Supreme Court of the State of New York, Bronx County
Sep 17, 2010
2010 N.Y. Slip Op. 32641 (N.Y. Sup. Ct. 2010)

Opinion

8116/2004.

September 17, 2010.


Plaintiffs move to vacate Medicaid's Lien against the proceeds from this personal injury lawsuit, and for related relief.
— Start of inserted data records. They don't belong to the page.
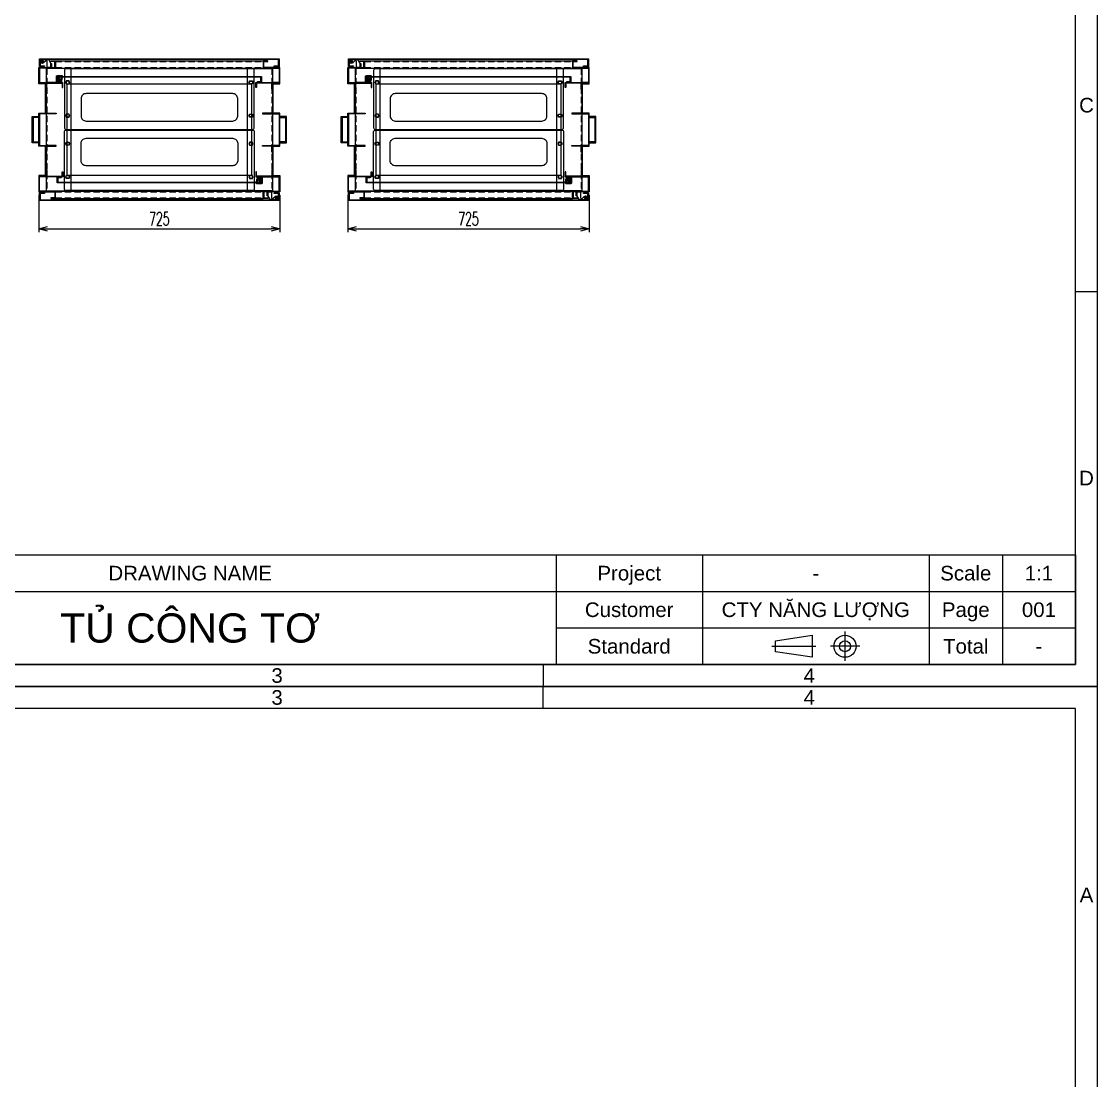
# Model space of a CAD drawing. Header units: millimetres. Extents: x -33730 to 17150, y -76829 to -27437.
# Drawn here: x -3905 to -670, y -59369 to -56183 of the extents above; entities that cross this region are included whole.
import ezdxf
from ezdxf.enums import TextEntityAlignment as Align

# ---------------------------------------------------------------- set-up
doc = ezdxf.new("R2010")
doc.units = ezdxf.units.MM
doc.header["$LTSCALE"] = 3
doc.linetypes.add('ACAD_ISO04W100', pattern=[30, 24, -3, 0, -3])
doc.linetypes.add('HIDDEN', pattern=[9.525, 6.35, -3.175])
for name, color, linetype in [('@.TEXT', 7, 'Continuous'), ('@.VISIBLE', 7, 'Continuous'), ('centerline', 6, 'ACAD_ISO04W100'), ('EQUIPMENT', 4, 'Continuous'), ('equipments', 2, 'Continuous'), ('S-DIM', 7, 'Continuous')]:
    doc.layers.add(name, color=color, linetype=linetype)
doc.styles.add('Ann_w01', font='romans.shx', dxfattribs={"width": 0.6, "bigfont": 'chineset.shx'})
doc.styles.add('Arial', font='arial.ttf')
doc.dimstyles.new('Dim 01_SC20', dxfattribs={"dimscale": 20, "dimtxt": 2, "dimasz": 1.3, "dimexe": 0.5, "dimexo": 0.5, "dimgap": 0.5, "dimtad": 1, "dimdec": 1, "dimzin": 12, "dimdsep": 46, "dimtxsty": 'Ann_w01', "dimblk": 'OPEN30', "dimcen": 1.5, "dimclrd": 6, "dimclre": 6, "dimclrt": 3, "dimadec": 1, "dimazin": 3, "dimtm": 1e-09, "dimtfac": 1, "dimtdec": 1, "dimtix": 1, "dimtmove": 0, "dimatfit": 3, "dimldrblk": 'OPEN30', "dimfxl": 1, "dimtolj": 1, "dimlwd": 0, "dimlwe": 0, "dimarcsym": 0})

# ---------------------------------------------------------------- blocks, each defined once
blk = doc.blocks.new('_Open30')
at = {"color": 0, "linetype": 'ByBlock', "lineweight": -2}
for p, q in [((-1, 0.27), (0, 0)), ((0, 0), (-1, -0.27)), ((0, 0), (-1, 0))]:
    blk.add_line(p, q, dxfattribs=at)
blk = doc.blocks.new('*D1522')
at = {"layer": 'Defpoints', "color": 0, "transparency": 16777216}
for p in [(-2923.6, -56696.3), (-2198.6, -56696.3), (-2198.6, -56806.9)]:
    blk.add_point(p, dxfattribs=at)
at = {"layer": 'S-DIM', "color": 6, "lineweight": 0, "transparency": 16777216}
for p, q in [((-2923.6, -56706.3), (-2923.6, -56816.9)), ((-2198.6, -56706.3), (-2198.6, -56816.9)), ((-2897.6, -56806.9), (-2224.6, -56806.9))]:
    blk.add_line(p, q, dxfattribs=at)
at = {"layer": 'S-DIM', "color": 6, "lineweight": 0, "transparency": 16777216, "xscale": 26, "yscale": 26, "zscale": 26, "rotation": 180}
blk.add_blockref('_Open30', (-2923.6, -56806.9), dxfattribs=at)
at = {"layer": 'S-DIM', "color": 6, "lineweight": 0, "transparency": 16777216, "xscale": 26, "yscale": 26, "zscale": 26}
blk.add_blockref('_Open30', (-2198.6, -56806.9), dxfattribs=at)
at = {"layer": 'S-DIM', "color": 3, "transparency": 16777216, "insert": (-2561.1, -56776.9), "char_height": 40, "attachment_point": 5, "style": 'Ann_w01'}
blk.add_mtext('\\A1;725', dxfattribs=at)
blk = doc.blocks.new('HL011-1 Top')
at = {"layer": 'centerline'}
for p, q in [((-20.3, 18.5), (-20.3, 16.5)), ((-3.8, 0), (4.2, 0)), ((0.2, 4), (0.2, -4))]:
    blk.add_line(p, q, dxfattribs=at)
at = {"layer": 'EQUIPMENT'}
for points in [[(-26, 17.5), (-26, 5.8, 0.131652), (-25.9, 5.3), (-26, 5.5), (-28, 5.5), (-28, 17.5), (-15, 17.5), (-15, 0, 0.414214), (-13, -2), (-10.3, -2)], [(-9.9, -3), (-10.3, -2), (-4, 4.2, -1.496606), (0.2, -6), (-19.3, -6), (-20.5, -6), (-20.5, -4), (-20.5, -4)]]:
    blk.add_lwpolyline(points, format="xyb", dxfattribs=at)
blk.add_lwpolyline([(-25.9, 5.3), (-19.3, -6), (-18.8, -5)], dxfattribs=at)
blk.add_circle((0.2, 0), 3.5, dxfattribs=at)
blk = doc.blocks.new('HL003-2 Top')
at = {"layer": 'centerline'}
blk.add_line((-1.6, 14.6), (-1.6, 2.6), dxfattribs=at)
for points in [[(3.5, 0), (-3.5, 0)], [(0, -3.5), (0, 3.5)]]:
    blk.add_lwpolyline(points, dxfattribs=at)
at = {"layer": 'EQUIPMENT'}
blk.add_line((7.2, 10.2), (5.2, 12.1), dxfattribs=at)
for points in [[(-6.3, 8.8), (-6.3, 9.9), (-9.8, 11.9), (-9.8, 13.6), (5.7, 13.6), (5.7, 11.3), (7.2, 10.2), (7.2, -5.4, -0.414214), (5.2, -7.4), (-9.3, -7.4), (-10.8, -5.2), (4.2, -5.2, 0.414214), (5.2, -4.2), (5.2, 12.1), (-9.8, 12.1)], [(-6.8, -3), (0, -3, 1), (0, 3), (-8, 3), (-7.4, 2.4, -0.414214), (-7.4, 0, 0.414214), (-7.4, -2.4), (-6.8, -3)]]:
    blk.add_lwpolyline(points, format="xyb", dxfattribs=at)
for points in [[(-7.3, -5.2), (-7.3, -2.9), (-10.8, -2.9), (-9.3, 1.8), (-9.3, 5.6), (-6.3, 8.8)], [(-4.6, 4.1), (-4.6, 13.6)], [(-4.1, 4.1), (-4.1, 13.6)], [(0.9, 4.1), (0.9, 13.6)], [(1.4, 4.1), (1.4, 13.6)]]:
    blk.add_lwpolyline(points, dxfattribs=at)
blk.add_lwpolyline([(-4.6, 4.1), (1.4, 4.1), (-1.6, 3.6)], close=True, dxfattribs=at)
blk = doc.blocks.new('*D1520')
at = {"layer": 'Defpoints', "color": 0, "transparency": 16777216}
for p in [(-3853.2, -56696.3), (-3128.2, -56696.3), (-3128.2, -56806.9)]:
    blk.add_point(p, dxfattribs=at)
at = {"layer": 'S-DIM', "color": 6, "lineweight": 0, "transparency": 16777216}
for p, q in [((-3853.2, -56706.3), (-3853.2, -56816.9)), ((-3128.2, -56706.3), (-3128.2, -56816.9)), ((-3827.2, -56806.9), (-3154.2, -56806.9))]:
    blk.add_line(p, q, dxfattribs=at)
at = {"layer": 'S-DIM', "color": 6, "lineweight": 0, "transparency": 16777216, "xscale": 26, "yscale": 26, "zscale": 26, "rotation": 180}
blk.add_blockref('_Open30', (-3853.2, -56806.9), dxfattribs=at)
at = {"layer": 'S-DIM', "color": 6, "lineweight": 0, "transparency": 16777216, "xscale": 26, "yscale": 26, "zscale": 26}
blk.add_blockref('_Open30', (-3128.2, -56806.9), dxfattribs=at)
at = {"layer": 'S-DIM', "color": 3, "transparency": 16777216, "insert": (-3490.7, -56776.9), "char_height": 40, "attachment_point": 5, "style": 'Ann_w01'}
blk.add_mtext('\\A1;725', dxfattribs=at)
blk = doc.blocks.new('Standard ISO')
at = {"color": 6}
for p, q in [((4, -2), (4, 2)), ((-6, 0), (0, 0)), ((6, 0), (2, 0))]:
    blk.add_line(p, q, dxfattribs=at)
blk.add_lwpolyline([(-0.5, 1.5), (-0.5, -1.5), (-5.5, -0.75), (-5.5, 0.75), (-0.5, 1.5)])
for radius in [1.5, 0.75]:
    blk.add_circle((4, 0), radius)
blk = doc.blocks.new('KHUNG BAN VE (Made by Tung)')
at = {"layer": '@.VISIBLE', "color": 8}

This is an action sounding in medical malpractice, involving allegations of obstetrical negligence during the birth of the infant Plaintiff, JOEL CHAMORRO, "resulting in neurological damage, intraventricular hemorrhage with mental retardation, static encephalopathy, right brachial plexus palsy, etc."

(See Affirmation by Plaintiffs' Attorney Miklos, dated June 8, 2010, p. 4).

This case was settled in the amount of five million ($5,000,000.00) dollars, pursuant to terms set forth by Counsel for the parties on the record in open Court on March 29, 2010.

(See Court Transcript, dated March 29, 2010, annexed to Plaintiffs' Motion, Exhibit "F").

The Medicaid Lien is alleged to be in the amount of $51,901.

(See Letter, dated April 17, 2010, by New York City Human Resources Administration, Department of Social Services, Division of Liens and Recovery, [NYC DSS] annexed to Plaintiffs' Motion, Exhibit "G").

In relevant part, Counsel acknowledged the existence of the said Medicaid Lien, and that they were settling this case with the understanding "that [defendants] have no further responsibility for the" Medicaid Lien; that it was "Plaintiffs' responsibility, ultimately, to settle this Lien issue"; and that the "Medicaid Lien is anticipated to come out of the infant's share."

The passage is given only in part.